Biology's Newton

Copyright © 2000 by Dave Badtke

... may be your son or daughter.

Perhaps he’s just now starting high school, or perhaps she’s in elementary school. When others are playing video games and watching TV, does he want to understand why things are the way they are? Does she spend time by herself reading, thinking and coming up with the most wonderful, creative ideas about how the world works? If these are your children, then encourage them, praise them, and tell them about Isaac Newton.

During a span of almost 170 years, from 1473 to 1642, Copernicus, Galileo, Brahe and Kepler changed our perception of the stars and planets. With improved optical technology and experimental techniques, they challenged the celestial views of their time and discovered miraculous things about the planets.

But astronomy remained muddled until the late 1600s, when Newton proposed his universal theory of gravitation and determined that the gravitational attraction between objects is inversely proportional to the square of the distance between them, a result consistent with Kepler’s Laws of Motion, which were built on the observations of Copernicus, Galileo and the meticulous astronomical data of Brahe. Newton made sense of voluminous astronomical data, and the classical mechanics he developed are still used today to build bridges, launch rockets and determine how far a home run is hit.

Biology has gone through a similar evolution, though starting later, because life is so much more complicated than physics and because, as an interdisciplinary science, molecular biology depends critically on advances in many other fields.

Robert Hooke discovered cork cells in 1665, but early microscopes acted as prisms, separating light into its component frequencies, and didn’t become useful until the development of achromatic lenses around 1830. Interestingly, that was 170 years ago.

By 1838, Mathias Schleiden had concluded that cells were the building blocks of biological structure, much as John Dalton had concluded, during the same period, that atoms were the building blocks of chemistry. In 1866, Mendel proposed that genes were responsible for inherited characteristics. Though DNA was first chemically identified as a cell constituent in 1869, its role in genetic inheritance was not understood until 1944. The mystery of how DNA accomplished this feat was solved in 1953 when James Watson and Francis Crick discovered the double-helix structure of DNA, which is stable enough to replicate reliably yet flexible enough, with its two twisted strands, to divide.

Then last month, on June 26, just two months after the fruit-fly genome had been sequenced, the sequencing of the 3-billion letters of the human genome was announced by Celeron and the public consortium that was first directed by James Watson, who had predicted, in 1988, that sequencing would be complete by 2005. The more than 1000 scientists in six nations who collaborated on the project managed to beat Watson’s prediction by 5 years!

This accomplishment and euphoric promises for the future took my breath away, until I went to the doctor, which I did recently, with a sore throat and cough.

I felt really lousy and had waited for a week to see if my illness would go away on its own. It didn’t, and a nurse swabbed my throat. After the culture came back negative, I was told I had a virus and nothing could be done. Drink plenty of water, get lots of rest, etc., etc., was what I was told. I’m sure I was told roughly the same thing back in 1953 when I was seven.
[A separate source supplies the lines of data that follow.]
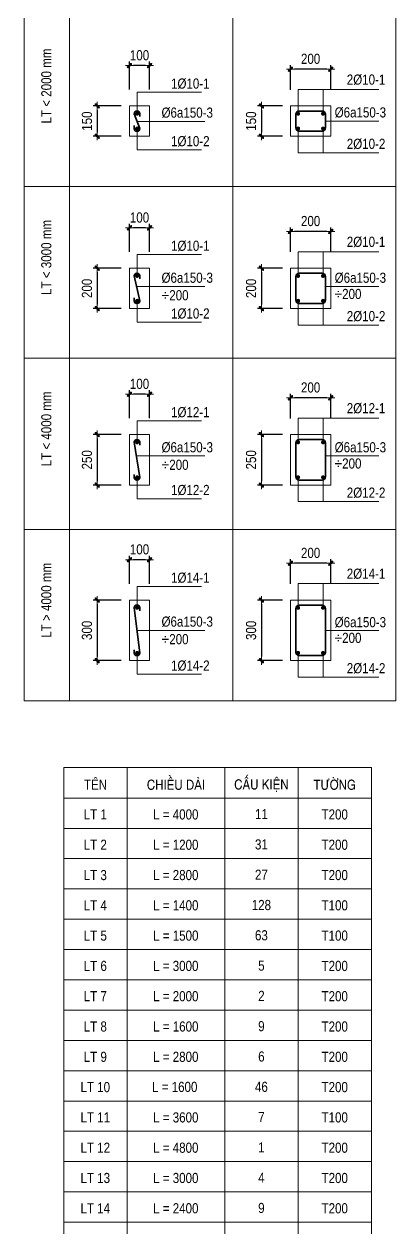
# Model space of a CAD drawing. Header units: millimetres. Extents: x -25197 to 555828, y -17247 to 174153.
# Drawn here: x 526956 to 536170, y 69868 to 99670 of the extents above; entities that cross this region are included whole.
import ezdxf
from ezdxf.enums import TextEntityAlignment as Align

# ---------------------------------------------------------------- set-up
doc = ezdxf.new("R2010")
doc.units = ezdxf.units.MM
doc.header["$LTSCALE"] = 250
for name, color, linetype, lineweight in [('CDAI', 8, 'Continuous', 35), ('CTHEP', 2, 'Continuous', 50), ('DBAO', 3, 'Continuous', 13), ('DGIONG', 4, 'Continuous', 15), ('KTH', 154, 'Continuous', 15), ('STICK', 1, 'Continuous', 15)]:
    doc.layers.add(name, color=color, linetype=linetype, lineweight=lineweight)
doc.layers.add('TEXT', color=21, linetype='Continuous')
doc.styles.add('TTP-HelCon', font='VHELVCN_0.TTF')
doc.dimstyles.new('TTP-20', dxfattribs={"dimscale": 100, "dimtxt": 2.5, "dimasz": 1, "dimexe": 1, "dimexo": 0.0625, "dimgap": 0.09, "dimtad": 0, "dimtoh": 1, "dimdec": 4, "dimlfac": 0.2, "dimrnd": 1, "dimdsep": 46, "dimtxsty": 'TTP-HelCon', "dimblk": 'Stick', "dimcen": 0.09, "dimdle": 1.5, "dimclrd": 256, "dimclre": 256, "dimclrt": 7, "dimadec": 0, "dimazin": 0, "dimtfac": 1, "dimtdec": 4, "dimtix": 1, "dimtmove": 0, "dimatfit": 3, "dimfxl": 1, "dimtvp": 1, "dimtolj": 1, "dimtzin": 0, "dimarcsym": 0})

# ---------------------------------------------------------------- blocks, each defined once
blk = doc.blocks.new('Stick')
at = {"layer": 'STICK'}
h = blk.add_hatch(color=256, dxfattribs=at)
edge = h.paths.add_edge_path()
edge.add_line((0.3, 0.5), (-0.5, -0.3))
edge.add_arc((-0.4, -0.4), 0.141, 135, 315)
edge.add_line((-0.3, -0.5), (0.5, 0.3))
edge.add_arc((0.4, 0.4), 0.141, 315, 495)
blk.add_line((1, 0), (-1, 0), dxfattribs=at)
blk.add_lwpolyline([(0.3, 0.5), (-0.5, -0.3, 1), (-0.3, -0.5), (0.5, 0.3, 1), (0.3, 0.5, 1)], format="xyb", dxfattribs=at)
blk = doc.blocks.new('*D2098')
at = {"layer": 'Defpoints', "color": 0, "transparency": 16777216}
for p in [(529369, 93627), (528769, 92627), (529369, 92627)]:
    blk.add_point(p, dxfattribs=at)
at = {"layer": 'KTH', "lineweight": -2, "transparency": 16777216}
for p, q in [((529363, 93627), (528669, 93627)), ((528769, 93527), (528769, 92727)), ((529363, 92627), (528669, 92627))]:
    blk.add_line(p, q, dxfattribs=at)
at = {"layer": 'KTH', "lineweight": -2, "transparency": 16777216, "xscale": 100, "yscale": 100, "zscale": 100}
for p, rotation in [((528769, 93627), 90), ((528769, 92627), 270)]:
    blk.add_blockref('Stick', p, dxfattribs=dict(at, rotation=rotation))
at = {"layer": 'KTH', "color": 7, "transparency": 16777216, "insert": (528514, 93127), "char_height": 250, "attachment_point": 5, "rotation": 90, "style": 'TTP-HelCon'}
blk.add_mtext('\\A1;200', dxfattribs=at)
blk = doc.blocks.new('*D2099')
at = {"layer": 'Defpoints', "color": 0, "transparency": 16777216}
for p in [(529566, 94626), (529566, 94026), (530066, 94026)]:
    blk.add_point(p, dxfattribs=at)
at = {"layer": 'KTH', "lineweight": -2, "transparency": 16777216}
for p, q in [((529566, 94032), (529566, 94726)), ((529966, 94626), (529666, 94626)), ((530066, 94032), (530066, 94726))]:
    blk.add_line(p, q, dxfattribs=at)
at = {"layer": 'KTH', "lineweight": -2, "transparency": 16777216, "xscale": 100, "yscale": 100, "zscale": 100, "rotation": 180}
blk.add_blockref('Stick', (529566, 94626), dxfattribs=at)
at = {"layer": 'KTH', "lineweight": -2, "transparency": 16777216, "xscale": 100, "yscale": 100, "zscale": 100}
blk.add_blockref('Stick', (530066, 94626), dxfattribs=at)
at = {"layer": 'KTH', "color": 7, "transparency": 16777216, "insert": (529816, 94881), "char_height": 250, "attachment_point": 5, "style": 'TTP-HelCon'}
blk.add_mtext('\\A1;100', dxfattribs=at)
blk = doc.blocks.new('*D2082')
at = {"layer": 'Defpoints', "color": 0, "transparency": 16777216}
for p in [(533555, 94537), (533555, 94021), (534555, 94021)]:
    blk.add_point(p, dxfattribs=at)
at = {"layer": 'KTH', "lineweight": -2, "transparency": 16777216}
for p, q in [((533555, 94028), (533555, 94637)), ((534455, 94537), (533655, 94537)), ((534555, 94028), (534555, 94637))]:
    blk.add_line(p, q, dxfattribs=at)
at = {"layer": 'KTH', "lineweight": -2, "transparency": 16777216, "xscale": 100, "yscale": 100, "zscale": 100, "rotation": 180}
blk.add_blockref('Stick', (533555, 94537), dxfattribs=at)
at = {"layer": 'KTH', "lineweight": -2, "transparency": 16777216, "xscale": 100, "yscale": 100, "zscale": 100}
blk.add_blockref('Stick', (534555, 94537), dxfattribs=at)
at = {"layer": 'KTH', "color": 7, "transparency": 16777216, "insert": (534055, 94793), "char_height": 250, "attachment_point": 5, "style": 'TTP-HelCon'}
blk.add_mtext('\\A1;200', dxfattribs=at)
blk = doc.blocks.new('*D2083')
at = {"layer": 'Defpoints', "color": 0, "transparency": 16777216}
for p in [(533367, 93627), (532837, 92627), (533367, 92627)]:
    blk.add_point(p, dxfattribs=at)
at = {"layer": 'KTH', "lineweight": -2, "transparency": 16777216}
for p, q in [((533361, 93627), (532737, 93627)), ((532837, 93527), (532837, 92727)), ((533361, 92627), (532737, 92627))]:
    blk.add_line(p, q, dxfattribs=at)
at = {"layer": 'KTH', "lineweight": -2, "transparency": 16777216, "xscale": 100, "yscale": 100, "zscale": 100}
for p, rotation in [((532837, 93627), 90), ((532837, 92627), 270)]:
    blk.add_blockref('Stick', p, dxfattribs=dict(at, rotation=rotation))
at = {"layer": 'KTH', "color": 7, "transparency": 16777216, "insert": (532581, 93127), "char_height": 250, "attachment_point": 5, "rotation": 90, "style": 'TTP-HelCon'}
blk.add_mtext('\\A1;200', dxfattribs=at)
blk = doc.blocks.new('*D2084')
at = {"layer": 'Defpoints', "color": 0, "transparency": 16777216}
for p in [(529369, 97643), (528769, 96893), (529369, 96893)]:
    blk.add_point(p, dxfattribs=at)
at = {"layer": 'KTH', "lineweight": -2, "transparency": 16777216}
for p, q in [((529363, 97643), (528669, 97643)), ((528769, 97543), (528769, 96993)), ((529363, 96893), (528669, 96893))]:
    blk.add_line(p, q, dxfattribs=at)
at = {"layer": 'KTH', "lineweight": -2, "transparency": 16777216, "xscale": 100, "yscale": 100, "zscale": 100}
for p, rotation in [((528769, 97643), 90), ((528769, 96893), 270)]:
    blk.add_blockref('Stick', p, dxfattribs=dict(at, rotation=rotation))
at = {"layer": 'KTH', "color": 7, "transparency": 16777216, "insert": (528514, 97268), "char_height": 250, "attachment_point": 5, "rotation": 90, "style": 'TTP-HelCon'}
blk.add_mtext('\\A1;150', dxfattribs=at)
blk = doc.blocks.new('*D2085')
at = {"layer": 'Defpoints', "color": 0, "transparency": 16777216}
for p in [(529566, 98642), (529566, 98042), (530066, 98042)]:
    blk.add_point(p, dxfattribs=at)
at = {"layer": 'KTH', "lineweight": -2, "transparency": 16777216}
for p, q in [((529566, 98048), (529566, 98742)), ((530066, 98048), (530066, 98742)), ((529966, 98642), (529666, 98642))]:
    blk.add_line(p, q, dxfattribs=at)
at = {"layer": 'KTH', "lineweight": -2, "transparency": 16777216, "xscale": 100, "yscale": 100, "zscale": 100, "rotation": 180}
blk.add_blockref('Stick', (529566, 98642), dxfattribs=at)
at = {"layer": 'KTH', "lineweight": -2, "transparency": 16777216, "xscale": 100, "yscale": 100, "zscale": 100}
blk.add_blockref('Stick', (530066, 98642), dxfattribs=at)
at = {"layer": 'KTH', "color": 7, "transparency": 16777216, "insert": (529816, 98897), "char_height": 250, "attachment_point": 5, "style": 'TTP-HelCon'}
blk.add_mtext('\\A1;100', dxfattribs=at)
blk = doc.blocks.new('*D2086')
at = {"layer": 'Defpoints', "color": 0, "transparency": 16777216}
for p in [(533555, 98553), (533555, 98037), (534555, 98037)]:
    blk.add_point(p, dxfattribs=at)
at = {"layer": 'KTH', "lineweight": -2, "transparency": 16777216}
for p, q in [((533555, 98044), (533555, 98653)), ((534555, 98044), (534555, 98653)), ((534455, 98553), (533655, 98553))]:
    blk.add_line(p, q, dxfattribs=at)
at = {"layer": 'KTH', "lineweight": -2, "transparency": 16777216, "xscale": 100, "yscale": 100, "zscale": 100, "rotation": 180}
blk.add_blockref('Stick', (533555, 98553), dxfattribs=at)
at = {"layer": 'KTH', "lineweight": -2, "transparency": 16777216, "xscale": 100, "yscale": 100, "zscale": 100}
blk.add_blockref('Stick', (534555, 98553), dxfattribs=at)
at = {"layer": 'KTH', "color": 7, "transparency": 16777216, "insert": (534055, 98809), "char_height": 250, "attachment_point": 5, "style": 'TTP-HelCon'}
blk.add_mtext('\\A1;200', dxfattribs=at)
blk = doc.blocks.new('*D2087')
at = {"layer": 'Defpoints', "color": 0, "transparency": 16777216}
for p in [(533367, 97643), (532837, 96893), (533367, 96893)]:
    blk.add_point(p, dxfattribs=at)
at = {"layer": 'KTH', "lineweight": -2, "transparency": 16777216}
for p, q in [((533361, 97643), (532737, 97643)), ((532837, 97543), (532837, 96993)), ((533361, 96893), (532737, 96893))]:
    blk.add_line(p, q, dxfattribs=at)
at = {"layer": 'KTH', "lineweight": -2, "transparency": 16777216, "xscale": 100, "yscale": 100, "zscale": 100}
for p, rotation in [((532837, 97643), 90), ((532837, 96893), 270)]:
    blk.add_blockref('Stick', p, dxfattribs=dict(at, rotation=rotation))
at = {"layer": 'KTH', "color": 7, "transparency": 16777216, "insert": (532581, 97268), "char_height": 250, "attachment_point": 5, "rotation": 90, "style": 'TTP-HelCon'}
blk.add_mtext('\\A1;150', dxfattribs=at)
blk = doc.blocks.new('*D2088')
at = {"layer": 'Defpoints', "color": 0, "transparency": 16777216}
for p in [(529369, 89508), (528769, 88258), (529369, 88258)]:
    blk.add_point(p, dxfattribs=at)
at = {"layer": 'KTH', "lineweight": -2, "transparency": 16777216}
for p, q in [((529363, 89508), (528669, 89508)), ((528769, 89408), (528769, 88358)), ((529363, 88258), (528669, 88258))]:
    blk.add_line(p, q, dxfattribs=at)
at = {"layer": 'KTH', "lineweight": -2, "transparency": 16777216, "xscale": 100, "yscale": 100, "zscale": 100}
for p, rotation in [((528769, 89508), 90), ((528769, 88258), 270)]:
    blk.add_blockref('Stick', p, dxfattribs=dict(at, rotation=rotation))
at = {"layer": 'KTH', "color": 7, "transparency": 16777216, "insert": (528514, 88883), "char_height": 250, "attachment_point": 5, "rotation": 90, "style": 'TTP-HelCon'}
blk.add_mtext('\\A1;250', dxfattribs=at)
blk = doc.blocks.new('*D2089')
at = {"layer": 'Defpoints', "color": 0, "transparency": 16777216}
for p in [(529566, 90506), (529566, 89906), (530066, 89906)]:
    blk.add_point(p, dxfattribs=at)
at = {"layer": 'KTH', "lineweight": -2, "transparency": 16777216}
for p, q in [((529566, 89912), (529566, 90606)), ((530066, 89912), (530066, 90606)), ((529966, 90506), (529666, 90506))]:
    blk.add_line(p, q, dxfattribs=at)
at = {"layer": 'KTH', "lineweight": -2, "transparency": 16777216, "xscale": 100, "yscale": 100, "zscale": 100, "rotation": 180}
blk.add_blockref('Stick', (529566, 90506), dxfattribs=at)
at = {"layer": 'KTH', "lineweight": -2, "transparency": 16777216, "xscale": 100, "yscale": 100, "zscale": 100}
blk.add_blockref('Stick', (530066, 90506), dxfattribs=at)
at = {"layer": 'KTH', "color": 7, "transparency": 16777216, "insert": (529816, 90762), "char_height": 250, "attachment_point": 5, "style": 'TTP-HelCon'}
blk.add_mtext('\\A1;100', dxfattribs=at)
blk = doc.blocks.new('*D2090')
at = {"layer": 'Defpoints', "color": 0, "transparency": 16777216}
for p in [(533555, 90418), (533555, 89902), (534555, 89902)]:
    blk.add_point(p, dxfattribs=at)
at = {"layer": 'KTH', "lineweight": -2, "transparency": 16777216}
for p, q in [((533555, 89908), (533555, 90518)), ((534455, 90418), (533655, 90418)), ((534555, 89908), (534555, 90518))]:
    blk.add_line(p, q, dxfattribs=at)
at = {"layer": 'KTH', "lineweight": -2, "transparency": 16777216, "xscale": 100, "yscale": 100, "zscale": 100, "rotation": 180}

In 1957, the same year Sputnik scared the hubris out of us, Thomas Kuhn’s study of the Copernican revolution led him to conclude that science is not a business in which more work yields more results. Rather, he said, science changes dramatically, through paradigm shifts. Of course, the data and knowledge that precede a paradigm shift are necessary, perhaps even critical, but someone eventually comes along, someone like Newton, who, through his special intelligence and insight, changes our world forever.

I’m pretty sure that by the time my sons are my age, doctors will be able to help them when they have a "virus". The genetic alphabet is now in place. Scientists are beginning to make sense of biological words and grammar. I’m optimistic.

Now we need a biological poet, someone like Newton, who can pull it all together in a meaningful way, and if the past is any guide, she may have been born this year.

So watch your child carefully as she grows. If she seems especially curious, you might consider buying her a chemistry set for her seventh birthday.